The Eighth Circuit found that the “Officers could have reasonably interpreted” Mr. Gilbert’s struggling in an “attempt to breathe and an attempt to tell the Officers that they were hurting him […] as ongoing resistance”, justifying their use of force, and enabling the Officers to use “qualified immunity” to avoid having them be liable.

The brief submitted by the Officers’ counsel argues that Mr. Gilbert was suicidal, violent, overweight and had heart disease and drugs in his system, and that officers used only “non-lethal physical force” in a “rapidly evolving emergency situation requiring [a] split-second reaction.” Therefore, they argue, there was no Fourth Amendment violation, that qualified immunity was reasonably awarded, and that those who argue otherwise and who note, most uncivilly, similarities to other Black men killed while restrained by police like Mr. Garner or Mr.
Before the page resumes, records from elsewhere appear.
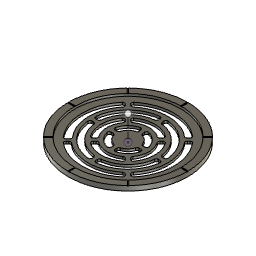
Banc de test part 2 (Autodesk Fusion 360 design; units mm, degrees)
Autodesk Fusion 360 part; units mm, degrees
sketch "Esquisse1" plane through (0, 0, 0) normal (0, 0, 1) x (1, 0, 0)
  circle A0 centre (0, 0) radius 62.5
  dimension "d1" = 125
  constraint coincident A0.centre origin
  measures "d1" diameter of A0
extrude "Extrusion1" add sketch "Esquisse1" along normal blind 5
sketch "Esquisse2" plane through (0, 0, 5) normal (0, 0, 1) x (-1, 0, 0)
  circle A0 centre (0, 0) radius 62.5
  circle A1 centre (0, 0) radius 55.5
  dimension "d4" = 111
  constraint coincident A0.centre A1.centre
  measures "d4" diameter of A1
extrude "Extrusion2" cut sketch "Esquisse2" against normal blind 2.5 contours A1
sketch "Esquisse4" plane through (0, 0, 0) normal (1, 0, 0) x (0, 1, 0)
  line L0 (0, 0) -> (0, 26) construction
  constraint coincident L0.start origin
  constraint vertical L0
sketch "Esquisse3" plane through (0, 0, 5) normal (0, 0, 1) x (-1, 0, 0)
  circle A0 centre (0, 0) radius 55.5
  circle A1 centre (0, 0) radius 62.5
  line L0 (0.5411, -55.4974) -> (0.5411, -62.4977)
  line L1 (-0.4589, -62.4983) -> (-0.4589, -55.4981)
  line L2 (43.8684, -44.5176) -> (38.6533, -39.3025)
  line L3 (39.3599, -38.5949) -> (44.575, -43.81)
  line L4 (62.4983, -0.459) -> (55.1231, -0.459)
  line L5 (55.1223, 0.541) -> (62.4977, 0.541)
  line L6 (44.5176, 43.8684) -> (39.3025, 38.6533)
  line L7 (38.5949, 39.3599) -> (43.81, 44.575)
  line L8 (0.459, 62.4983) -> (0.459, 55.1231)
  line L9 (-0.541, 55.1223) -> (-0.541, 62.4977)
  line L10 (-43.8684, 44.5176) -> (-38.6533, 39.3025)
  line L11 (-39.3599, 38.5949) -> (-44.575, 43.81)
  line L12 (-62.4983, 0.459) -> (-55.1231, 0.459)
  line L13 (-55.1223, -0.541) -> (-62.4977, -0.541)
  line L14 (-38.5949, -39.3599) -> (-43.81, -44.575)
  line L15 (-44.5176, -43.8684) -> (-39.3025, -38.6533)
  dimension "d7" = 1
  dimension "d8" = 1
  dimension "d9" = 1
  dimension "d10" = 1
  dimension "d11" = 1
  dimension "d12" = 1
  dimension "d13" = 1
  dimension "d14" = 1
  constraint coincident A0 L0.start
  constraint coincident A1 L0.end
  constraint vertical L0
  constraint coincident A1 L1.start
  constraint coincident A0 L1.end
  constraint parallel L0 L1
  constraint parallel L2 L3
  constraint parallel L4 L5
  constraint parallel L6 L7
  constraint parallel L8 L9
  constraint parallel L10 L11
  constraint parallel L12 L13
  constraint parallel L14 L15
  measures "d7" distance of L0 L1
  measures "d8" distance of L2 L3
  measures "d9" distance of L4 L5
  measures "d10" distance of L6 L7
  measures "d11" distance of L8 L9
  measures "d12" distance of L10 L11
  measures "d13" distance of L12 L13
  measures "d14" distance of L14 L15
extrude "Extrusion3" cut sketch "Esquisse3" against normal blind 0.5 contours A0 A1 L0 L1 | A0 A1 L14 L15 | A0 A1 L2 L3 | A0 A1 L12 L13 | A0 A1 L4 L5 | A0 A1 L10 L11 | A0 A1 L6 L7 | A0 A1 L8 L9
sketch "Esquisse5" plane through (0, 0, 2.5) normal (0, 0, 1) x (-1, 0, 0)
  circle A0 centre (0, 0) radius 55.5
  line L0 (-2, -15.4919) -> (-2, -13.4164)
  arc A1 (-11.4998, -3.4286) -> (-3.4286, -11.4998) centre (0, 0) ccw
  line L1 (-15.4919, -2) -> (-13.4164, -2)
  arc A2 (-17.4284, -4.5) -> (-4.5, -17.4284) centre (0, 0) ccw
  arc A3 (-3.4286, 11.4998) -> (-11.4998, 3.4286) centre (0, 0) ccw
  line L2 (-15.4919, 2) -> (-13.4164, 2)
  arc A4 (-4.5, 17.4284) -> (-17.4284, 4.5) centre (0, 0) ccw
  line L3 (-2, 13.4164) -> (-2, 15.4919)
  arc A5 (11.4998, 3.4286) -> (3.4286, 11.4998) centre (0, 0) ccw
  line L4 (2, 13.4164) -> (2, 15.4919)
  arc A6 (17.4284, 4.5) -> (4.5, 17.4284) centre (0, 0) ccw
  line L5 (15.4919, 2) -> (13.4164, 2)
  line L6 (15.4919, -2) -> (13.4164, -2)
  arc A7 (2.7692, -11.6761) -> (11.4998, -3.4286) centre (0, 0) ccw
  line L7 (2, -15.4919) -> (2, -12.6491)
  arc A8 (4.5, -17.4284) -> (17.4284, -4.5) centre (0, 0) ccw
  arc A9 (-17.9315, 12.746) -> (-17.9315, -12.746) centre (0, 0) ccw
  line L8 (-18.1474, -15.319) -> (-19.5801, -16.7517)
  arc A10 (-22.6093, 16.5173) -> (-22.6093, -16.5173) centre (0, 0) ccw
  line L9 (-18.1474, 15.319) -> (-19.5801, 16.7517)
  line L10 (-15.319, -18.1474) -> (-16.7517, -19.5801)
  arc A11 (-16.5173, -22.6093) -> (16.5173, -22.6093) centre (0, 0) ccw
  line L11 (15.319, -18.1474) -> (16.7517, -19.5801)
  arc A12 (-12.746, -17.9315) -> (12.746, -17.9315) centre (0, 0) ccw
  line L12 (18.1474, -15.319) -> (19.5801, -16.7517)
  arc A13 (22.6093, -16.5173) -> (22.6093, 16.5173) centre (0, 0) ccw
  line L13 (18.1474, 15.319) -> (19.5801, 16.7517)
  arc A14 (17.9315, -12.746) -> (17.9315, 12.746) centre (0, 0) ccw
  line L14 (15.319, 18.1474) -> (16.7517, 19.5801)
  arc A15 (16.5173, 22.6093) -> (-16.5173, 22.6093) centre (0, 0) ccw
  line L15 (-15.319, 18.1474) -> (-16.7517, 19.5801)
  arc A16 (12.746, 17.9315) -> (-12.746, 17.9315) centre (0, 0) ccw
  line L16 (33.7639, 2) -> (35.7771, 2)
  arc A17 (37.7647, 4.2222) -> (4.2222, 37.7647) centre (0, 0) ccw
  line L17 (2, 33.7639) -> (2, 35.7771)
  arc A18 (31.7778, 3.7647) -> (3.7647, 31.7778) centre (0, 0) ccw
  line L18 (33.7639, -2) -> (35.7771, -2)
  arc A19 (4.2222, -37.7647) -> (37.7647, -4.2222) centre (0, 0) ccw
  line L19 (2, -33.7639) -> (2, -35.7771)
  arc A20 (3.7647, -31.7778) -> (31.7778, -3.7647) centre (0, 0) ccw
  line L20 (29.5697, 32.3981) -> (30.9895, 33.8179)
  arc A21 (30.8612, 36.764) -> (-30.8612, 36.764) centre (0, 0) ccw
  line L21 (-29.5697, 32.3981) -> (-30.9895, 33.8179)
  arc A22 (26.8756, 32.2754) -> (-26.8756, 32.2754) centre (0, 0) ccw
  line L22 (31.1586, 29.6028) -> (33.1753, 31.6675)
  arc A23 (36.7645, -30.8601) -> (36.1114, 31.5869) centre (-0.0189, -0.0179) ccw
  line L23 (32.3901, -29.5617) -> (33.8177, -30.9893)
  arc A24 (32.2502, -26.8887) -> (31.0909, 26.8807) centre (-0.097, -0.6889) ccw
  line L24 (29.5697, -32.3981) -> (30.9895, -33.8179)
  arc A25 (-30.8612, -36.764) -> (30.8612, -36.764) centre (0, 0) ccw
  line L25 (-29.5697, -32.3981) -> (-30.9895, -33.8179)
  arc A26 (-26.8756, -32.2754) -> (26.8756, -32.2754) centre (0, 0) ccw
  line L26 (-2, -33.7639) -> (-2, -35.7771)
  arc A27 (-37.7647, -4.2222) -> (-4.2222, -37.7647) centre (0, 0) ccw
  line L27 (-33.7639, -2) -> (-35.7771, -2)
  arc A28 (-31.7778, -3.7647) -> (-3.7647, -31.7778) centre (0, 0) ccw
  line L28 (-33.7639, 2) -> (-35.7771, 2)
  arc A29 (-4.2222, 37.7647) -> (-37.7647, 4.2222) centre (0, 0) ccw
  line L29 (-2, 33.7639) -> (-2, 35.7771)
  arc A30 (-3.7647, 31.7778) -> (-31.7778, 3.7647) centre (0, 0) ccw
  line L30 (-32.3981, 29.5697) -> (-33.8179, 30.9895)
  arc A31 (-36.764, 30.8612) -> (-36.764, -30.8612) centre (0, 0) ccw
  line L31 (-32.3981, -29.5697) -> (-33.8179, -30.9895)
  arc A32 (-32.2754, 26.8756) -> (-32.2754, -26.8756) centre (0, 0) ccw
  arc A33 (36.1114, 31.5869) -> (33.1753, 31.6675) centre (34.6061, 30.2701) ccw
  arc A34 (31.1586, 29.6028) -> (31.0909, 26.8807) centre (32.5894, 28.2053) ccw
  arc A35 (33.8177, -30.9893) -> (36.7645, -30.8601) centre (35.232, -29.5751) ccw
  arc A36 (32.2502, -26.8887) -> (32.3901, -29.5617) centre (33.8043, -28.1475) ccw
  arc A37 (30.9895, 33.8179) -> (30.8612, 36.764) centre (29.5753, 35.2321) ccw
  arc A38 (26.8756, 32.2754) -> (29.5697, 32.3981) centre (28.1554, 33.8123) ccw
  arc A39 (-29.5697, 32.3981) -> (-26.8756, 32.2754) centre (-28.1554, 33.8123) ccw
  arc A40 (-30.8612, 36.764) -> (-30.9895, 33.8179) centre (-29.5753, 35.2321) ccw
  arc A41 (-33.8179, 30.9895) -> (-36.764, 30.8612) centre (-35.2321, 29.5753) ccw
  arc A42 (-32.2754, 26.8756) -> (-32.3981, 29.5697) centre (-33.8123, 28.1554) ccw
  arc A43 (-36.764, -30.8612) -> (-33.8179, -30.9895) centre (-35.2321, -29.5753) ccw
  arc A44 (-32.3981, -29.5697) -> (-32.2754, -26.8756) centre (-33.8123, -28.1554) ccw
  arc A45 (-30.9895, -33.8179) -> (-30.8612, -36.764) centre (-29.5753, -35.2321) ccw
  arc A46 (-26.8756, -32.2754) -> (-29.5697, -32.3981) centre (-28.1554, -33.8123) ccw
  arc A47 (30.8612, -36.764) -> (30.9895, -33.8179) centre (29.5753, -35.2321) ccw
  arc A48 (29.5697, -32.3981) -> (26.8756, -32.2754) centre (28.1554, -33.8123) ccw
  arc A49 (37.7647, -4.2222) -> (35.7771, -2) centre (35.7771, -4) ccw
  arc A50 (35.7771, 2) -> (37.7647, 4.2222) centre (35.7771, 4) ccw
  arc A51 (33.7639, -2) -> (31.7778, -3.7647) centre (33.7639, -4) ccw
  arc A52 (31.7778, 3.7647) -> (33.7639, 2) centre (33.7639, 4) ccw
  arc A53 (2, -35.7771) -> (4.2222, -37.7647) centre (4, -35.7771) ccw
  arc A54 (-4.2222, -37.7647) -> (-2, -35.7771) centre (-4, -35.7771) ccw
  arc A55 (-2, -33.7639) -> (-3.7647, -31.7778) centre (-4, -33.7639) ccw
  arc A56 (3.7647, -31.7778) -> (2, -33.7639) centre (4, -33.7639) ccw
  arc A57 (4.2222, 37.7647) -> (2, 35.7771) centre (4, 35.7771) ccw
  arc A58 (-2, 35.7771) -> (-4.2222, 37.7647) centre (-4, 35.7771) ccw
  arc A59 (2, 33.7639) -> (3.7647, 31.7778) centre (4, 33.7639) ccw
  arc A60 (-3.7647, 31.7778) -> (-2, 33.7639) centre (-4, 33.7639) ccw
  arc A61 (-37.7647, 4.2222) -> (-35.7771, 2) centre (-35.7771, 4) ccw
  arc A62 (-33.7639, 2) -> (-31.7778, 3.7647) centre (-33.7639, 4) ccw
  arc A63 (-31.7778, -3.7647) -> (-33.7639, -2) centre (-33.7639, -4) ccw
  arc A64 (-35.7771, -2) -> (-37.7647, -4.2222) centre (-35.7771, -4) ccw
  arc A65 (-17.9315, 12.746) -> (-18.1474, 15.319) centre (-19.5616, 13.9048) ccw
  arc A66 (-15.319, 18.1474) -> (-12.746, 17.9315) centre (-13.9048, 19.5616) ccw
  arc A67 (12.746, 17.9315) -> (15.319, 18.1474) centre (13.9048, 19.5616) ccw
  arc A68 (-18.1474, -15.319) -> (-17.9315, -12.746) centre (-19.5616, -13.9048) ccw
  arc A69 (-12.746, -17.9315) -> (-15.319, -18.1474) centre (-13.9048, -19.5616) ccw
  arc A70 (18.1474, 15.319) -> (17.9315, 12.746) centre (19.5616, 13.9048) ccw
  arc A71 (-16.5173, 22.6093) -> (-16.7517, 19.5801) centre (-15.3375, 20.9943) ccw
  arc A72 (-19.5801, 16.7517) -> (-22.6093, 16.5173) centre (-20.9943, 15.3375) ccw
  arc A73 (-22.6093, -16.5173) -> (-19.5801, -16.7517) centre (-20.9943, -15.3375) ccw
  arc A74 (-16.7517, -19.5801) -> (-16.5173, -22.6093) centre (-15.3375, -20.9943) ccw
  arc A75 (16.7517, 19.5801) -> (16.5173, 22.6093) centre (15.3375, 20.9943) ccw
  arc A76 (22.6093, 16.5173) -> (19.5801, 16.7517) centre (20.9943, 15.3375) ccw
  arc A77 (17.9315, -12.746) -> (18.1474, -15.319) centre (19.5616, -13.9048) ccw
  arc A78 (15.319, -18.1474) -> (12.746, -17.9315) centre (13.9048, -19.5616) ccw
  arc A79 (16.5173, -22.6093) -> (16.7517, -19.5801) centre (15.3375, -20.9943) ccw
  arc A80 (19.5801, -16.7517) -> (22.6093, -16.5173) centre (20.9943, -15.3375) ccw
  arc A81 (17.4284, -4.5) -> (15.4919, -2) centre (15.4919, -4) ccw
  arc A82 (15.4919, 2) -> (17.4284, 4.5) centre (15.4919, 4) ccw
  arc A83 (4.5, 17.4284) -> (2, 15.4919) centre (4, 15.4919) ccw
  arc A84 (-2, 15.4919) -> (-4.5, 17.4284) centre (-4, 15.4919) ccw
  arc A85 (-17.4284, 4.5) -> (-15.4919, 2) centre (-15.4919, 4) ccw
  arc A86 (-15.4919, -2) -> (-17.4284, -4.5) centre (-15.4919, -4) ccw
  arc A87 (-4.5, -17.4284) -> (-2, -15.4919) centre (-4, -15.4919) ccw
  arc A88 (2, -15.4919) -> (4.5, -17.4284) centre (4, -15.4919) ccw
  arc A89 (13.4164, -2) -> (11.4998, -3.4286) centre (13.4164, -4) ccw
  arc A90 (2.7692, -11.6761) -> (2, -12.6491) centre (3, -12.6491) ccw
  arc A91 (-2, -13.4164) -> (-3.4286, -11.4998) centre (-4, -13.4164) ccw
  arc A92 (-11.4998, -3.4286) -> (-13.4164, -2) centre (-13.4164, -4) ccw
  arc A93 (-13.4164, 2) -> (-11.4998, 3.4286) centre (-13.4164, 4) ccw
  arc A94 (-3.4286, 11.4998) -> (-2, 13.4164) centre (-4, 13.4164) ccw
  arc A95 (2, 13.4164) -> (3.4286, 11.4998) centre (4, 13.4164) ccw
  arc A96 (11.4998, 3.4286) -> (13.4164, 2) centre (13.4164, 4) ccw
  dimension "d38" = 2
  dimension "d39" = 2
  dimension "d40" = 2
  dimension "d41" = 2
  dimension "d42" = 2
  dimension "d43" = 2
  dimension "d44" = 2
  dimension "d45" = 2
  dimension "d46" = 2
  dimension "d47" = 2
  dimension "d48" = 2
  dimension "d49" = 2
  dimension "d50" = 2
  dimension "d51" = 2
  dimension "d52" = 2
  dimension "d53" = 2
  dimension "d54" = 2
  dimension "d55" = 2
  dimension "d56" = 2
  dimension "d57" = 2
  dimension "d58" = 2
  dimension "d59" = 2
  dimension "d60" = 2
  dimension "d61" = 2
  dimension "d62" = 2
  dimension "d63" = 2
  dimension "d64" = 2
  dimension "d65" = 2
  dimension "d66" = 2
  dimension "d67" = 2
  dimension "d68" = 2
  dimension "d69" = 2
  dimension "d70" = 2
  dimension "d71" = 2
  dimension "d72" = 2
  dimension "d73" = 2
  dimension "d74" = 2
  dimension "d75" = 2
  dimension "d76" = 2
  dimension "d77" = 2
  dimension "d78" = 2
  dimension "d79" = 2
  dimension "d80" = 2
  dimension "d81" = 2
  dimension "d82" = 2
  dimension "d83" = 2
  dimension "d84" = 2
  dimension "d85" = 2
  dimension "d86" = 2
  dimension "d87" = 2
  dimension "d88" = 2
  dimension "d89" = 2
  dimension "d90" = 2
  dimension "d91" = 2
  dimension "d92" = 2
  dimension "d93" = 2
  dimension "d94" = 2
  dimension "d95" = 1
  dimension "d96" = 2
  dimension "d97" = 2
  dimension "d98" = 2
  dimension "d99" = 2
  dimension "d100" = 2
  dimension "d101" = 2
  constraint tangent A23 A33
  constraint tangent L22 A33
  constraint tangent L22 A34
  constraint tangent A24 A34
  constraint tangent A23 A35
  constraint tangent L23 A35
  constraint tangent A24 A36
  constraint tangent L23 A36
  constraint tangent A21 A37
  constraint tangent L20 A37
  constraint tangent A22 A38
  constraint tangent L20 A38
  constraint tangent A22 A39
  constraint tangent L21 A39
  constraint tangent L21 A40
  constraint tangent A21 A40
  constraint tangent A31 A41
  constraint tangent L30 A41
  constraint tangent A32 A42
  constraint tangent L30 A42
  constraint tangent A31 A43
  constraint tangent L31 A43
  constraint tangent L31 A44
  constraint tangent A32 A44
  constraint tangent A25 A45
  constraint tangent L25 A45
  constraint tangent L25 A46
  constraint tangent A26 A46
  constraint tangent L24 A47
  constraint tangent A25 A47
  constraint tangent L24 A48
  constraint tangent A26 A48
  constraint tangent A19 A49
  constraint tangent L18 A49
  constraint tangent L16 A50
  constraint tangent A17 A50
  constraint tangent L18 A51
  constraint tangent A20 A51
  constraint tangent A18 A52
  constraint tangent L16 A52
  constraint tangent A19 A53
  constraint tangent L19 A53
  constraint tangent L26 A54
  constraint tangent A27 A54
  constraint tangent L26 A55
  constraint tangent A28 A55
  constraint tangent L19 A56
  constraint tangent A20 A56
  constraint tangent A17 A57
  constraint tangent L17 A57
  constraint tangent L29 A58
  constraint tangent A29 A58
  constraint tangent A18 A59
  constraint tangent L17 A59
  constraint tangent L29 A60
  constraint tangent A30 A60
  constraint tangent A29 A61
  constraint tangent L28 A61
  constraint tangent L28 A62
  constraint tangent A30 A62
  constraint tangent L27 A63
  constraint tangent A28 A63
  constraint tangent L27 A64
  constraint tangent A27 A64
  constraint tangent L9 A65
  constraint tangent A9 A65
  constraint tangent A16 A66
  constraint tangent L15 A66
  constraint tangent A16 A67
  constraint tangent L14 A67
  constraint tangent A9 A68
  constraint tangent L8 A68
  constraint tangent A12 A69
  constraint tangent L10 A69
  constraint tangent A14 A70
  constraint tangent L13 A70
  constraint tangent L15 A71
  constraint tangent A15 A71
  constraint tangent L9 A72
  constraint tangent A10 A72
  constraint tangent A10 A73
  constraint tangent L8 A73
  constraint tangent A11 A74
  constraint tangent L10 A74
  constraint tangent A15 A75
  constraint tangent L14 A75
  constraint tangent L13 A76
  constraint tangent A13 A76
  constraint tangent L12 A77
  constraint tangent A14 A77
  constraint tangent L11 A78
  constraint tangent A12 A78
  constraint tangent A11 A79
  constraint tangent L11 A79
  constraint tangent L12 A80
  constraint tangent A13 A80
  constraint tangent A8 A81
  constraint tangent L6 A81
  constraint tangent L5 A82
  constraint tangent A6 A82
  constraint tangent A6 A83
  constraint tangent L4 A83
  constraint tangent L3 A84
  constraint tangent A4 A84
  constraint tangent A4 A85
  constraint tangent L2 A85
  constraint tangent L1 A86
  constraint tangent A2 A86
  constraint tangent A2 A87
  constraint tangent L0 A87
  constraint tangent L7 A88
  constraint tangent A8 A88
  constraint tangent A7 A89
  constraint tangent L6 A89
  constraint tangent L7 A90
  constraint tangent A7 A90
  constraint tangent L0 A91
  constraint tangent A1 A91
  constraint tangent L1 A92
  constraint tangent A1 A92
  constraint tangent L2 A93
  constraint tangent A3 A93
  constraint tangent A3 A94
  constraint tangent L3 A94
  constraint tangent L4 A95
  constraint tangent A5 A95
  constraint tangent A5 A96
  constraint tangent L5 A96
  measures "d38" radius of A33
  measures "d39" radius of A34
  measures "d40" radius of A35
  measures "d41" radius of A36
  measures "d42" radius of A37
  measures "d43" radius of A38
  measures "d44" radius of A39
  measures "d45" radius of A40
  measures "d46" radius of A41
  measures "d47" radius of A42
  measures "d48" radius of A43
  measures "d49" radius of A44
  measures "d50" radius of A45
  measures "d51" radius of A46
  measures "d52" radius of A47
  measures "d53" radius of A48
  measures "d54" radius of A49
  measures "d55" radius of A50
  measures "d56" radius of A51
  measures "d57" radius of A52
  measures "d58" radius of A53
  measures "d59" radius of A54
  measures "d60" radius of A55
  measures "d61" radius of A56
  measures "d62" radius of A57
  measures "d63" radius of A58
  measures "d64" radius of A59
  measures "d65" radius of A60
  measures "d66" radius of A61
  measures "d67" radius of A62
  measures "d68" radius of A63
  measures "d69" radius of A64
  measures "d70" radius of A65
  measures "d71" radius of A66
  measures "d72" radius of A67
  measures "d73" radius of A68
  measures "d74" radius of A69
  measures "d75" radius of A70
  measures "d76" radius of A71
  measures "d77" radius of A72
  measures "d78" radius of A73
  measures "d79" radius of A74
  measures "d80" radius of A75
  measures "d81" radius of A76
  measures "d82" radius of A77
  measures "d83" radius of A78
  measures "d84" radius of A79
  measures "d85" radius of A80
  measures "d86" radius of A81
  measures "d87" radius of A82
  measures "d88" radius of A83
  measures "d89" radius of A84
  measures "d90" radius of A85
  measures "d91" radius of A86
  measures "d92" radius of A87
  measures "d93" radius of A88
  measures "d94" radius of A89
  measures "d95" radius of A90
  measures "d96" radius of A91
  measures "d97" radius of A92
  measures "d98" radius of A93
  measures "d99" radius of A94
  measures "d100" radius of A95
  measures "d101" radius of A96
extrude "Extrusion4" cut sketch "Esquisse5" against normal blind 5 contours L0 A1 L1 A2 A86 A87 A91 A92 | A3 L2 A4 L3 A84 A85 A93 A94 | A5 L4 A6 L5 A82 A83 A95 A96 | L6 A7 L7 A8 A81 A88 A89 A90 | A9 L8 A10 L9 A65 A68 A72 A73 | L10 A11 L11 A12 A69 A74 A78 A79 | L12 A13 L13 A14 A70 A76 A77 A80 | L14 A15 L15 A16 A66 A67 A71 A75 | L16 A17 L17 A18 A50 A52 A57 A59 | L18 A19 L19 A20 A49 A51 A53 A56 | L20 A21 L21 A22 A37 A38 A39 A40 | L22 A23 L23 A24 A33 A34 A35 A36 | L24 A25 L25 A26 A45 A46 A47 A48 | L26 A27 L27 A28 A54 A55 A63 A64 | L28 A29 L29 A30 A58 A60 A61 A62 | L30 A31 L31 A32 A41 A42 A43 A44

Floyd, are engaging in “agitprop.”

Our brief argues that a proper originalist understanding of Fourth Amendment rests on an understanding of the common law familiar to the Founders; and that the common law, at least as expressed in Blackstone, necessitates that “Officers may not impose any hardships on pre-trial prisoners beyond those absolutely requisite for confinement only.” In Rex v. Huggins (1790), for example, a jailer was held liable for the death of a prisoner whom he had intentionally placed in an unhealthful space located over a sewer: “If a prisoner by duress of the gaoler [jailer] comes to an untimely end, it is murder. It is not necessary, to make it duress, that there should be actual strokes or wounds.” Rather, “[i]f a man die[s] in prison” and “the [coroner’s] inquisition” finds the jailer’s care brought “the person . . . nearer to death,” it is a “felony.” Apparently, even in 1790, courts were capable of recognizing that “[a] prisoner is not to be punished in gaol [jail], but to be kept safely.”

An analysis of the Fourth Amendment’s original public meaning points us here in the direction of a standard higher than the Eighth Circuit has admitted. We hope that the Supreme Court’s newest Justice will join the other originalist Justices, in recognizing that Mr. Gilbert’s Fourth Amendment rights were indeed violated, in a way so clearly established that the Founders would have had no difficulty recognizing it. That will bring all of us towards real justice.